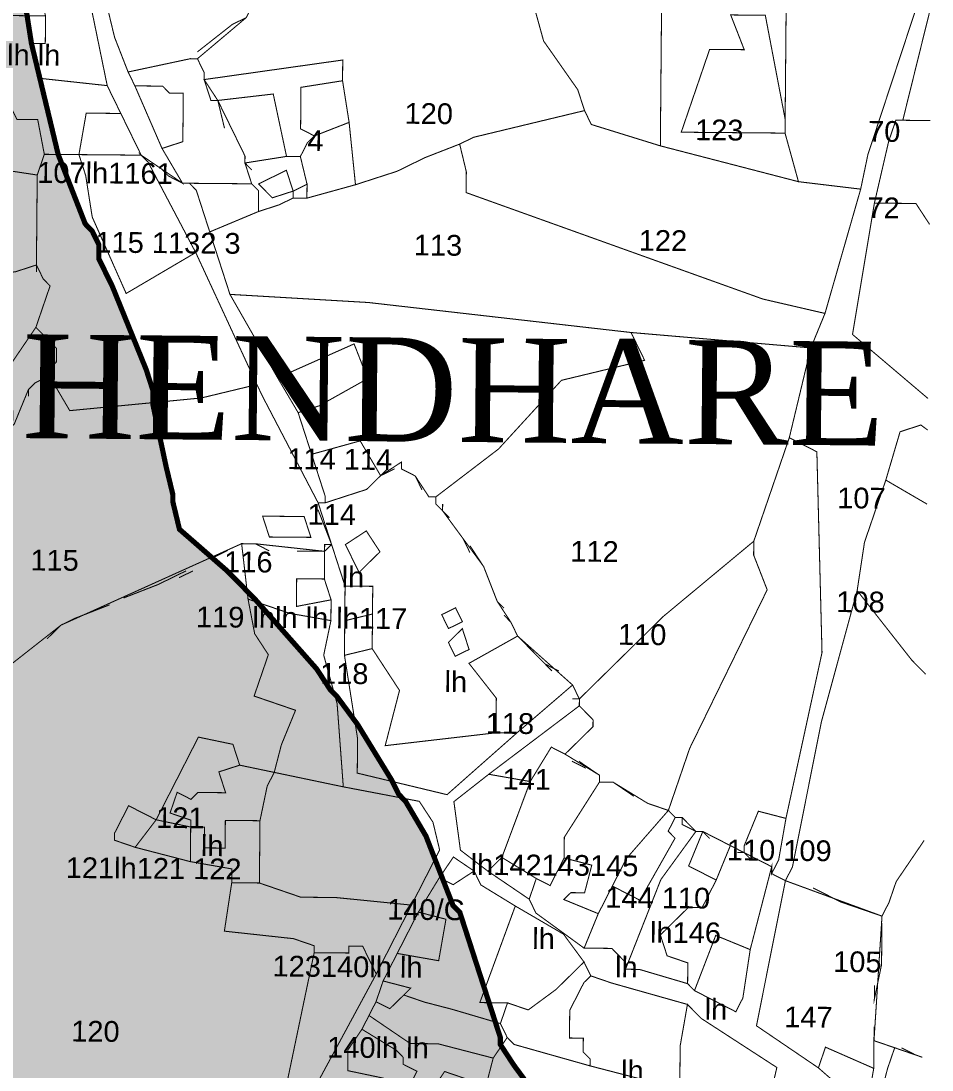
# Model space of a CAD drawing. Header units: metres. Extents: x 266684 to 275933, y 2060666 to 2074564.
# Drawn here: x 275312 to 275838, y 2063128 to 2063734 of the extents above; entities that cross this region are included whole.
import ezdxf

# ---------------------------------------------------------------- set-up
doc = ezdxf.new("R2010")
doc.units = ezdxf.units.M
for name, color, linetype in [('500M CRZ LINE', 2, 'Continuous'), ('CRZ LANDWARD OF HTL', 211, 'Continuous'), ('SURVEY NO.', 7, 'Continuous'), ('SURVEY PLOT BOUNDARY', 35, 'Continuous'), ('VILLAGE BOUNDARY', 212, 'Continuous'), ('VILLAGE NAME', 3, 'Continuous')]:
    doc.layers.add(name, color=color, linetype=linetype)
doc.styles.add('PDF Arial', font='arial.ttf')

# ---------------------------------------------------------------- blocks, each defined once
blk = doc.blocks.new('ERSUJATA')
at = {"layer": 'CRZ LANDWARD OF HTL'}
h = blk.add_hatch(dxfattribs=at)
h.set_pattern_fill('CROSS', color=256, scale=2.99844424, angle=-0.501298008)
h.paths.add_polyline_path([(275565.66, 2063219.37), (275561.7, 2063223.41), (275546.06, 2063263.53), (275534.24, 2063283.62), (275530.28, 2063287.66), (275526.35, 2063295.69), (275506.64, 2063327.85), (275494.79, 2063343.94), (275490.83, 2063347.98), (275482.94, 2063360.04), (275447.31, 2063400.34), (275443.35, 2063404.37), (275431.46, 2063416.47), (275403.69, 2063440.7), (275399.83, 2063456.73), (275399.87, 2063460.73), (275396.01, 2063476.76), (275388.33, 2063512.81), (275388.4, 2063520.8), (275384.51, 2063532.83), (275364.94, 2063580.99), (275357.08, 2063597.05), (275357.15, 2063605.04), (275353.23, 2063613.08), (275349.26, 2063617.11), (275333.62, 2063657.23), (275329.77, 2063673.26), (275318.19, 2063721.34), (275314.41, 2063745.36), (275310.48, 2063753.39), (275306.83, 2063793.41), (275307.07, 2063821.4), (275303.15, 2063829.43), (275303.18, 2063833.43), (275299.5, 2063869.44), (275299.57, 2063877.44), (275295.71, 2063893.47), (275295.82, 2063905.46), (275288.14, 2063941.52), (274995.62, 2063864.11), (274807.22, 2063805.78), (274807.08, 2063789.79), (274811, 2063781.76), (274810.69, 2063745.77), (274806.55, 2063729.81), (274806.41, 2063713.82), (274802.24, 2063693.87), (274798.1, 2063677.91), (274797.89, 2063653.92), (274801.85, 2063649.89), (274805.85, 2063649.85), (274809.88, 2063653.82), (274813.85, 2063649.78), (274821.74, 2063637.72), (274825.63, 2063625.69), (274829.59, 2063621.66), (274837.38, 2063597.6), (274837.34, 2063593.6), (274841.3, 2063589.57), (274841.27, 2063585.57), (274837.24, 2063581.6), (274833.24, 2063581.64), (274829.21, 2063577.68), (274825.21, 2063577.71), (274825.17, 2063573.71), (274829.14, 2063569.68), (274828.93, 2063545.69), (274836.82, 2063533.63), (274848.6, 2063509.53), (274852.46, 2063493.51), (274860.35, 2063481.44), (274860.24, 2063469.45), (274875.92, 2063433.33), (274879.81, 2063421.3), (274887.66, 2063405.23), (274891.63, 2063401.2), (274895.59, 2063397.17), (274899.55, 2063393.13), (274903.55, 2063393.1), (274907.51, 2063389.07), (274907.44, 2063381.07), (274915.12, 2063345.02), (274918.66, 2063293.01), (274918.52, 2063277.01), (274922.45, 2063268.98), (274922.42, 2063264.98), (274926.38, 2063260.95), (274930.31, 2063252.92), (274950.02, 2063220.76), (274961.87, 2063204.66), (274973.72, 2063188.57), (274973.69, 2063184.57), (274977.61, 2063176.54), (274981.44, 2063156.51), (274989.29, 2063140.45), (274993.22, 2063132.42), (275001.11, 2063120.35), (275013, 2063108.25), (275020.92, 2063100.19), (275044.73, 2063079.99), (275072.57, 2063063.75), (275080.5, 2063055.68), (275084.46, 2063051.65), (275099.36, 2063041.52), (275104.27, 2063031.49), (275104.03, 2063003.5), (275107.99, 2062999.47), (275107.92, 2062991.47), (275115.81, 2062979.41), (275127.52, 2062947.32), (275135.31, 2062923.26), (275139.2, 2062911.23), (275186.65, 2062850.84), (275226.1, 2062790.52), (275241.88, 2062766.39), (275241.77, 2062754.39), (275245.66, 2062742.36), (275269.23, 2062694.18), (275296.62, 2062625.96), (275296.51, 2062613.97), (275301.38, 2062598.93), (275296.34, 2062593.98), (275296.09, 2062565.99), (275291.92, 2062546.04), (275291.88, 2062542.04), (275295.64, 2062514.02), (275295.36, 2062482.03), (275299.18, 2062462.01), (275303.14, 2062457.97), (275318.78, 2062417.85), (275334.49, 2062385.73), (275342.38, 2062373.66), (275346.31, 2062365.63), (275345.99, 2062329.65), (275349.96, 2062325.62), (275405.61, 2062289.14), (275445.34, 2062260.81), (275453.26, 2062252.74), (275461.26, 2062252.67), (275509.09, 2062236.26), (275525.01, 2062228.12), (275604.75, 2062203.43), (275640.62, 2062191.12), (275656.57, 2062186.99), (275664.53, 2062182.92), (275684.55, 2062186.74), (275684.62, 2062194.74), (275736.66, 2062202.28), (275780.67, 2062205.89), (275796.69, 2062209.75), (275824.63, 2062203.91), (275829.05, 2062709.27), (275813.06, 2062709.41), (275785.18, 2062721.65), (275781.36, 2062741.67), (275781.39, 2062745.67), (275777.43, 2062749.71), (275765.79, 2062789.79), (275758, 2062813.85), (275754.04, 2062817.88), (275754.08, 2062821.88), (275738.4, 2062858), (275730.62, 2062882.06), (275726.69, 2062890.09), (275722.73, 2062894.13), (275711.05, 2062930.21), (275703.26, 2062954.27), (275699.3, 2062958.31), (275695.37, 2062966.34), (275675.77, 2063010.49), (275667.85, 2063018.56), (275659.99, 2063034.62), (275640.32, 2063070.78), (275636.36, 2063074.81), (275632.43, 2063082.84), (275596.87, 2063131.13), (275588.98, 2063143.2), (275589.02, 2063147.2), (275573.45, 2063195.31)])
at = {"layer": '500M CRZ LINE', "lineweight": 5, "const_width": 3}
blk.add_lwpolyline([(275314.41, 2063745.36), (275318.19, 2063721.34), (275329.77, 2063673.26), (275333.62, 2063657.23), (275349.26, 2063617.11), (275353.23, 2063613.08), (275357.15, 2063605.04), (275357.08, 2063597.05), (275364.94, 2063580.99), (275384.51, 2063532.83), (275388.4, 2063520.8), (275388.33, 2063512.81), (275396.01, 2063476.76), (275399.87, 2063460.73), (275399.83, 2063456.73), (275403.69, 2063440.7), (275431.46, 2063416.47), (275443.35, 2063404.37), (275447.31, 2063400.34), (275482.94, 2063360.04), (275490.83, 2063347.98), (275494.79, 2063343.94), (275506.64, 2063327.85), (275526.35, 2063295.69), (275530.28, 2063287.66), (275534.24, 2063283.62), (275546.06, 2063263.53), (275561.7, 2063223.41), (275565.66, 2063219.37), (275573.45, 2063195.31), (275589.02, 2063147.2), (275588.98, 2063143.2), (275596.87, 2063131.13), (275632.43, 2063082.84)], dxfattribs=at)
at = {"layer": 'SURVEY PLOT BOUNDARY', "lineweight": 18, "const_width": 0.6}
for points in [[(275354.62, 2063773), (275366.2, 2063724.92), (275374.02, 2063704.86), (275377.94, 2063696.83), (275393.62, 2063660.7), (275405.44, 2063640.61), (275381.59, 2063656.81), (275373.74, 2063672.87), (275369.81, 2063680.9), (275361.96, 2063696.97), (275350.45, 2063753.04)], [(275480.8, 2063116.16), (275517.38, 2063183.81), (275537.71, 2063223.62), (275553.98, 2063255.46), (275550.13, 2063271.49), (275542.24, 2063283.55), (275498.33, 2063291.93), (275494.76, 2063339.95), (275487.01, 2063368), (275491.18, 2063387.96), (275491.28, 2063399.95), (275487.39, 2063411.98), (275487.53, 2063427.97), (275491.56, 2063431.94), (275499.35, 2063407.88), (275499, 2063367.9), (275506.57, 2063319.85), (275506.4, 2063299.86), (275558.26, 2063287.41), (275598.55, 2063323.04), (275630.77, 2063350.75), (275634.7, 2063342.72), (275634.67, 2063338.72), (275582.35, 2063299.19), (275562.22, 2063283.38), (275565.98, 2063255.36), (275581.86, 2063243.22), (275605.71, 2063227.02), (275609.63, 2063218.99), (275637.44, 2063198.75), (275653.43, 2063198.61), (275661.36, 2063190.55), (275661.32, 2063186.55), (275669.32, 2063186.48), (275697.23, 2063178.24), (275701.19, 2063174.2), (275725.07, 2063162), (275729.14, 2063169.96), (275733.38, 2063197.91), (275745.79, 2063245.79), (275745.76, 2063241.79), (275749.82, 2063249.75), (275754.03, 2063273.7), (275774.86, 2063369.48), (275771.88, 2063485.46), (275755.96, 2063493.6), (275768.4, 2063545.47), (275776.57, 2063565.39), (275797.19, 2063637.18), (275801.36, 2063657.14), (275834.22, 2063756.81)], [(275834.22, 2063756.81), (275801.36, 2063657.14), (275797.19, 2063637.18), (275761.25, 2063641.49), (275753.5, 2063669.55), (275754.34, 2063765.5)], [(275682.35, 2063762.14), (275681.54, 2063670.18), (275681.47, 2063662.18), (275641.6, 2063674.53), (275637.68, 2063682.56), (275633.78, 2063694.59), (275614.04, 2063722.75), (275606.29, 2063750.81)], [(275265.63, 2063653.83), (275321.53, 2063645.34), (275321.07, 2063593.37), (275309.04, 2063589.47)], [(275308.27, 2063501.51), (275316.44, 2063521.43), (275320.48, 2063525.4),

····················

__REQUIREMENT__. The expected output is exactly the lines of the listing above between the line holding "blk = doc.blocks.new('ERSUJATA')" and the line holding "color=256, scale=2.99844424, angle=-0.501298008)", inclusive.

__RESPONSE AREA__.
blk = doc.blocks.new('ERSUJATA')
at = {"layer": 'CRZ LANDWARD OF HTL'}
h = blk.add_hatch(dxfattribs=at)
h.set_pattern_fill('CROSS', color=256, scale=2.99844424, angle=-0.501298008)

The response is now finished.